For hinging, build hip-dominant accessory days around RDLs and single-leg hinge variations. These complement deadlift training without duplicating the primary stimulus, and they create movement pattern reinforcement on days when heavy barbell pulls are not on the program.
On the Olympic lifts, use tall cleans and power position drills to isolate the hip extension moment explicitly. CrossFit's own clean instruction reinforces this: before achieving full hip extension, athletes should focus on keeping their heels down and drilling halting clean deadlifts to feel the loading position correctly. When a clean fails at the catch, the position problem often begins at the pull. Improving the timing and aggression of hip extension at the crease cleans up bar path before it becomes a receiving position breakdown. The sequencing principle: hips drive to full extension before any upper pull begins.
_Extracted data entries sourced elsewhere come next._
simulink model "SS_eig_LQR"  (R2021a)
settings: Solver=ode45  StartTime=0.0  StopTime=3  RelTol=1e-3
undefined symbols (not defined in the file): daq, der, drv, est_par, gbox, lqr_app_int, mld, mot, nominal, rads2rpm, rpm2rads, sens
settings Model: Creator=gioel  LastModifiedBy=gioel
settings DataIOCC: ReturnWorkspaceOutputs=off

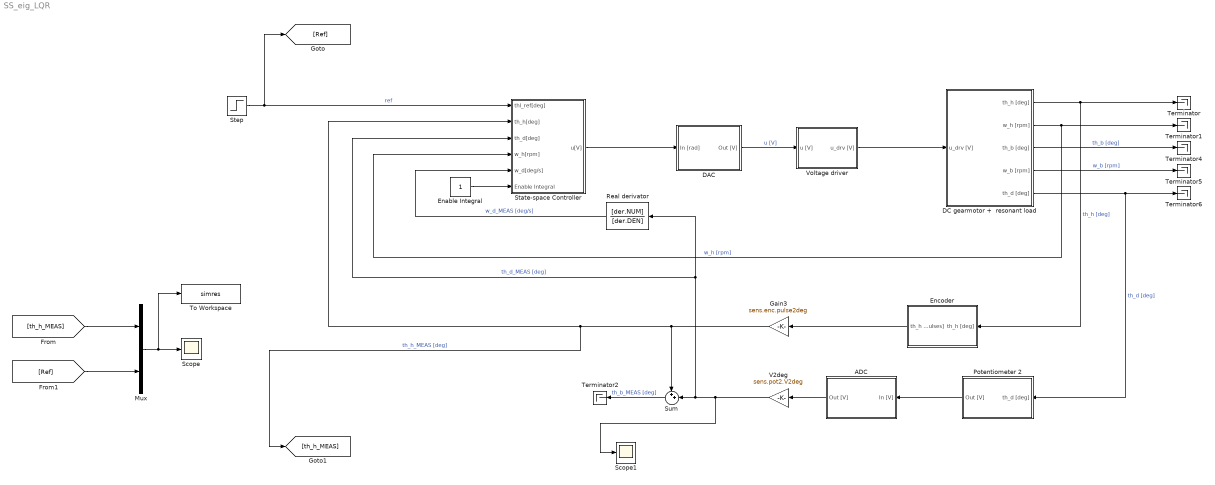
== system SS_eig_LQR ==
  ADC : Subsystem
  DAC : Subsystem
  DC gearmotor +  resonant load : Subsystem
  Enable Integral : Constant
  Encoder : Subsystem
  Gain3 : Gain  Gain=sens.enc.pulse2deg
  Mux : Mux  Inputs=2
  Potentiometer 2 : Subsystem
  Real derivator : TransferFcn  Numerator=[der.NUM]  Denominator=[der.DEN]
  Scope : Scope
  Scope1 : Scope
  State-space Controller : Subsystem
  Step : Step  Time=0  After=50  SampleTime=0
  Sum : Sum  Inputs=++|
  Terminator{,1..2,4..6} (6 alike) : Terminator
  To Workspace : ToWorkspace  VariableName=simres  SaveFormat=Structure With Time  SampleTime=-1
  V2deg : Gain  Gain=sens.pot2.V2deg
  Voltage driver : Subsystem
  wires:
  Encoder/1(th_h [pulses]) -> Gain3/1
  Potentiometer 2/1(Out [V]) -> ADC/1(In [V])
  DC gearmotor +  resonant load/3(th_b [deg]) -> Terminator4/1  "th_b [deg]"
  ADC/1(Out [V]) -> V2deg/1
  V2deg/1 -> Scope1/1, Real derivator/1, State-space Controller/3(th_d[deg]), Sum/2  "th_d_MEAS [deg]"
  State-space Controller/1(u[V]) -> DAC/1(In [rad])
  DC gearmotor +  resonant load/5(th_d [deg]) -> Terminator6/1, Potentiometer 2/1(th_d [deg])  "th_d [deg]"
  DC gearmotor +  resonant load/2(w_h [rpm]) -> State-space Controller/4(w_h[rpm]), Terminator1/1  "w_h [rpm]"
  DAC/1(Out [V]) -> Voltage driver/1(u [V])  "u [V]"
  Gain3/1 -> State-space Controller/2(th_h[deg]), [th_h_MEAS], Sum/1  "th_h_MEAS [deg]"
  DC gearmotor +  resonant load/4(w_b [rpm]) -> Terminator5/1  "w_b [rpm]"
  DC gearmotor +  resonant load/1(th_h [deg]) -> Terminator/1, Encoder/1(th_h [deg])  "th_h [deg]"
  Sum/1 -> Terminator2/1  "th_b_MEAS [deg]"
  Real derivator/1 -> State-space Controller/5(w_d[deg/s])  "w_d_MEAS [deg/s]"
  Step/1 -> State-space Controller/1(thl_ref[deg]), [Ref]  "ref"
  [th_h_MEAS] -> Mux/1
  Mux/1 -> Scope/1, To Workspace/1
  [Ref] -> Mux/2
  Enable Integral/1 -> State-space Controller/6(Enable Integral)
  Voltage driver/1(u_drv [V]) -> DC gearmotor +  resonant load/1(u_drv [V])

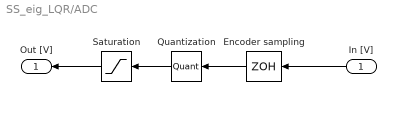
== system SS_eig_LQR/ADC ==
  In [V] : Inport
  Encoder sampling : ZeroOrderHold  SampleTime=sens.enc.T_s
  Quantization : Quantizer  QuantizationInterval=daq.adc.q
  Saturation : Saturate  UpperLimit=daq.adc.fs  LowerLimit=-daq.adc.fs
  Out [V] : Outport
  wires:
  Encoder sampling/1 -> Quantization/1
  Quantization/1 -> Saturation/1
  In [V]/1 -> Encoder sampling/1
  Saturation/1 -> Out [V]/1

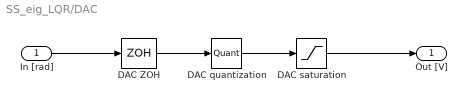
== system SS_eig_LQR/DAC ==
  In [rad] : Inport
  DAC ZOH : ZeroOrderHold  SampleTime=sens.enc.T_s
  DAC quantization : Quantizer  QuantizationInterval=daq.dac.q
  DAC saturation : Saturate  UpperLimit=daq.dac.vdd  LowerLimit=daq.dac.vss
  Out [V] : Outport
  wires:
  DAC quantization/1 -> DAC saturation/1
  DAC ZOH/1 -> DAC quantization/1
  DAC saturation/1 -> Out [V]/1
  In [rad]/1 -> DAC ZOH/1

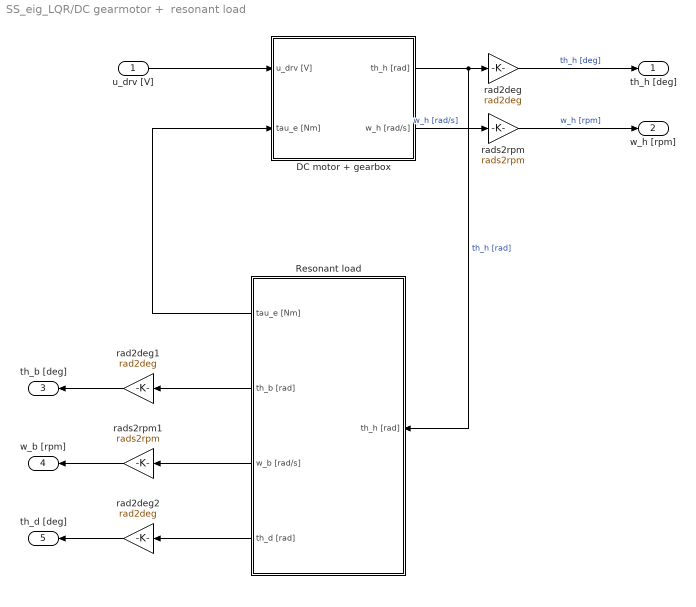
== system SS_eig_LQR/DC gearmotor +  resonant load ==
  u_drv [V] : Inport
  DC motor + gearbox : Subsystem
  Resonant load : Subsystem
  rad2deg : Gain  Gain=rad2deg
  rad2deg1 : Gain  Gain=rad2deg
  rad2deg2 : Gain  Gain=rad2deg
  rads2rpm : Gain  Gain=rads2rpm
  rads2rpm1 : Gain  Gain=rads2rpm
  th_h [deg] : Outport
  w_h [rpm] : Outport  Port=2
  th_b [deg] : Outport  Port=3
  w_b [rpm] : Outport  Port=4
  th_d [deg] : Outport  Port=5
  wires:
  rads2rpm1/1 -> w_b [rpm]/1
  DC motor + gearbox/2(w_h [rad/s]) -> rads2rpm/1  "w_h [rad/s]"
  rad2deg1/1 -> th_b [deg]/1
  u_drv [V]/1 -> DC motor + gearbox/1(u_drv [V])
  Resonant load/3(w_b [rad/s]) -> rads2rpm1/1
  rad2deg2/1 -> th_d [deg]/1
  Resonant load/4(th_d [rad]) -> rad2deg2/1
  Resonant load/2(th_b [rad]) -> rad2deg1/1
  rad2deg/1 -> th_h [deg]/1  "th_h [deg]"
  rads2rpm/1 -> w_h [rpm]/1  "w_h [rpm]"
  DC motor + gearbox/1(th_h [rad]) -> Resonant load/1(th_h [rad]), rad2deg/1  "th_h [rad]"
  Resonant load/1(tau_e [Nm]) -> DC motor + gearbox/2(tau_e [Nm])

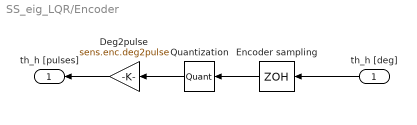
== system SS_eig_LQR/Encoder ==
  th_h [deg] : Inport
  Deg2pulse : Gain  Gain=sens.enc.deg2pulse
  Encoder sampling : ZeroOrderHold  SampleTime=sens.enc.T_s
  Quantization : Quantizer  QuantizationInterval=sens.enc.q
  th_h [pulses] : Outport
  wires:
  Encoder sampling/1 -> Quantization/1
  Quantization/1 -> Deg2pulse/1
  th_h [deg]/1 -> Encoder sampling/1
  Deg2pulse/1 -> th_h [pulses]/1

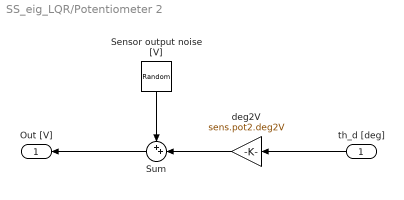
== system SS_eig_LQR/Potentiometer 2 ==
  th_d [deg] : Inport
  Sensor output noise [V] : RandomNumber  Variance=sens.pot2.noise.var  SampleTime=0.1
  Sum : Sum  Inputs=++|
  deg2V : Gain  Gain=sens.pot2.deg2V
  Out [V] : Outport
  wires:
  Sum/1 -> Out [V]/1
  th_d [deg]/1 -> deg2V/1
  deg2V/1 -> Sum/2
  Sensor output noise [V]/1 -> Sum/1

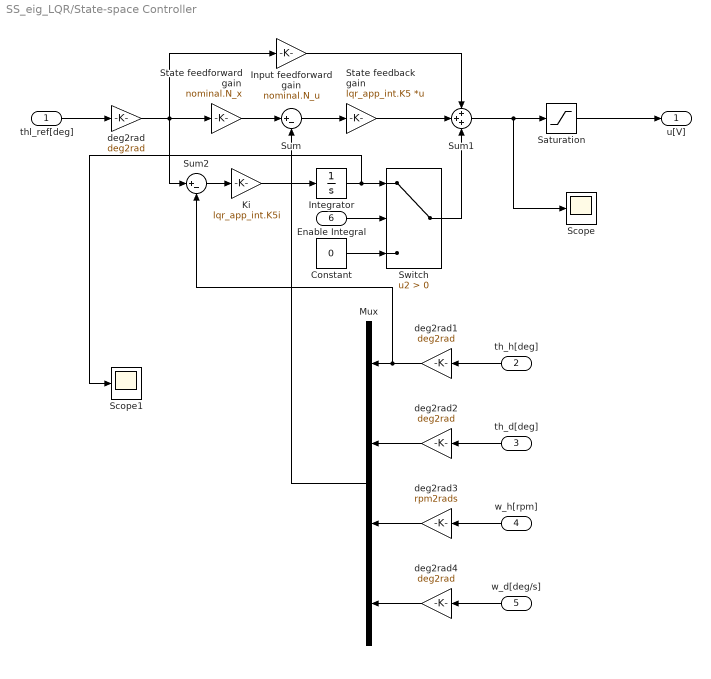
== system SS_eig_LQR/State-space Controller ==
  thl_ref[deg] : Inport
  th_h[deg] : Inport  Port=2
  th_d[deg] : Inport  Port=3
  w_h[rpm] : Inport  Port=4
  w_d[deg/s] : Inport  Port=5
  Enable Integral : Inport  Port=6
  Constant : Constant  Value=0
  Input feedforward gain : Gain  Gain=nominal.N_u
  Integrator : Integrator
  Ki : Gain  Gain=lqr_app_int.K5i
  Mux : Mux
  Saturation : Saturate  UpperLimit=10  LowerLimit=-10
  Scope : Scope
  Scope1 : Scope
  State feedback gain : Gain  Gain=lqr_app_int.K5  Multiplication=Matrix(K*u)
  State feedforward gain : Gain  Gain=nominal.N_x
  Sum : Sum  Inputs=|+-
  Sum1 : Sum  Inputs=+++
  Sum2 : Sum  Inputs=|+-
  Switch : Switch  Criteria=u2 > Threshold
  deg2rad{,1..2,4} (4 alike) : Gain  Gain=deg2rad
  deg2rad3 : Gain  Gain=rpm2rads
  u[V] : Outport
  wires:
  thl_ref[deg]/1 -> deg2rad/1
  deg2rad/1 -> Sum2/1, Input feedforward gain/1, State feedforward gain/1
  th_h[deg]/1 -> deg2rad1/1
  Saturation/1 -> u[V]/1
  State feedforward gain/1 -> Sum/1
  Sum/1 -> State feedback gain/1
  Mux/1 -> Sum/2
  Sum1/1 -> Scope/1, Saturation/1
  Input feedforward gain/1 -> Sum1/1
  State feedback gain/1 -> Sum1/2
  Sum2/1 -> Ki/1
  deg2rad1/1 -> Sum2/2, Mux/1
  Ki/1 -> Integrator/1
  Switch/1 -> Sum1/3
  Integrator/1 -> Scope1/1, Switch/1
  th_d[deg]/1 -> deg2rad2/1
  w_d[deg/s]/1 -> deg2rad4/1
  deg2rad2/1 -> Mux/2
  w_h[rpm]/1 -> deg2rad3/1
  deg2rad3/1 -> Mux/3
  deg2rad4/1 -> Mux/4
  Constant/1 -> Switch/3
  Enable Integral/1 -> Switch/2

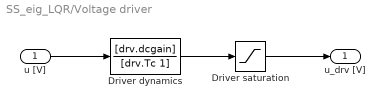
== system SS_eig_LQR/Voltage driver ==
  u [V] : Inport
  Driver dynamics : TransferFcn  Numerator=[drv.dcgain]  Denominator=[drv.Tc 1]
  Driver saturation : Saturate  UpperLimit=drv.outmax  LowerLimit=-drv.outmax
  u_drv [V] : Outport
  wires:
  Driver saturation/1 -> u_drv [V]/1
  Driver dynamics/1 -> Driver saturation/1
  u [V]/1 -> Driver dynamics/1

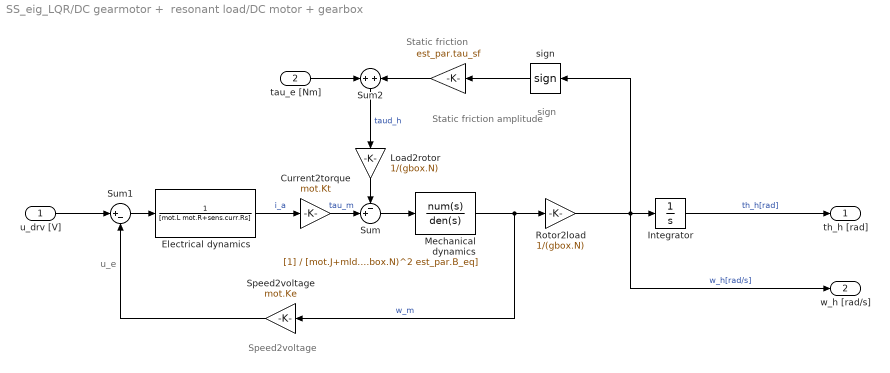
== system SS_eig_LQR/DC gearmotor +  resonant load/DC motor + gearbox ==
  note: u_e
  note: Speed2voltage
  note: Static friction
  note: sign
  note: Static friction
      |  amplitude
  u_drv [V] : Inport
  tau_e [Nm] : Inport  Port=2
  " " : Gain  Gain=est_par.tau_sf
  Current2torque : Gain  Gain=mot.Kt
  Electrical dynamics : TransferFcn  Denominator=[mot.L mot.R+sens.curr.Rs]
  Integrator : Integrator
  Load2rotor : Gain  Gain=1/(gbox.N)
  Mechanical dynamics : TransferFcn  Denominator=[mot.J+mld.Jh/(gbox.N)^2 est_par.B_eq]
  Rotor2load : Gain  Gain=1/(gbox.N)
  Speed2voltage : Gain  Gain=mot.Ke
  Sum : Sum  Inputs=-+|
  Sum1 : Sum  Inputs=|+-
  Sum2 : Sum  Inputs=+|+
  sign : Signum  ZeroCross=off
  th_h [rad] : Outport
  w_h [rad/s] : Outport  Port=2
  wires:
  u_drv [V]/1 -> Sum1/1
  Electrical dynamics/1 -> Current2torque/1  "i_a"
  Current2torque/1 -> Sum/2  "tau_m"
  sign/1 -> " "/1
  Sum1/1 -> Electrical dynamics/1
  Integrator/1 -> th_h [rad]/1  "th_h[rad]"
  Sum/1 -> Mechanical dynamics/1
  Load2rotor/1 -> Sum/1
  Speed2voltage/1 -> Sum1/2
  Rotor2load/1 -> w_h [rad/s]/1, sign/1, Integrator/1  "w_h[rad/s]"
  Mechanical dynamics/1 -> Speed2voltage/1, Rotor2load/1  "w_m"
  " "/1 -> Sum2/2
  Sum2/1 -> Load2rotor/1  "taud_h"
  tau_e [Nm]/1 -> Sum2/1

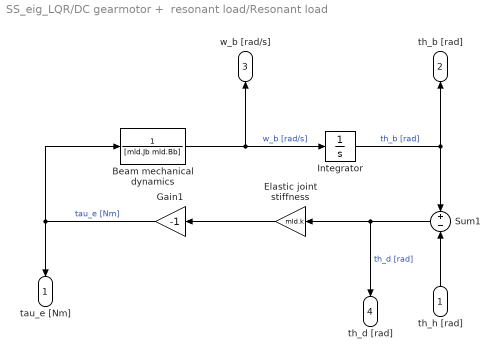
== system SS_eig_LQR/DC gearmotor +  resonant load/Resonant load ==
  th_h [rad] : Inport
  Beam mechanical dynamics : TransferFcn  Denominator=[mld.Jb mld.Bb]
  Elastic joint stiffness : Gain  Gain=mld.k
  Gain1 : Gain  Gain=-1
  Integrator : Integrator
  Sum1 : Sum  Inputs=+|-
  tau_e [Nm] : Outport
  th_b [rad] : Outport  Port=2
  w_b [rad/s] : Outport  Port=3
  th_d [rad] : Outport  Port=4
  wires:
  th_h [rad]/1 -> Sum1/2
  Gain1/1 -> tau_e [Nm]/1, Beam mechanical dynamics/1  "tau_e [Nm]"
  Elastic joint stiffness/1 -> Gain1/1
  Sum1/1 -> th_d [rad]/1, Elastic joint stiffness/1  "th_d [rad]"
  Integrator/1 -> th_b [rad]/1, Sum1/1  "th_b [rad]"
  Beam mechanical dynamics/1 -> w_b [rad/s]/1, Integrator/1  "w_b [rad/s]"

Correcting that sequence is often the single-point fix that produces visible improvement within one training session.
Why the Window Between Now and Semifinals Is the One That Counts
The 2026 Quarterfinals required athletes to finish in the top 25% worldwide in the Open and complete four workouts in a virtual format between March 26 and 30. There is no Team Quarterfinal this season. Semifinals are next, and the block between now and those in-person events represents the highest-leverage opportunity an athlete has to make hip mechanics improvements that show up under competition conditions.
For context, the 2025 CrossFit season eliminated Quarterfinals entirely, running a compressed individual structure with In-Affiliate Semifinals before the 19th CrossFit Games, held August 1-3, 2025 in Albany, New York. Jayson Hopper won the men's title and Tia-Clair Toomey won the women's title. Quarterfinals returned in 2026, meaning this year's field is navigating a competitive stage that did not exist in the previous season.
The bottom line of Rochet's argument is one worth carrying into every training session between now and Semifinals: CrossFit's programming already contains the infrastructure to build elite hip function. The limiting factor is almost never the movements; it is whether athletes and coaches can recognize when hip contribution is absent and correct it before that absence becomes a missed lift, a no-rep, or a broken position that costs points on a leaderboard.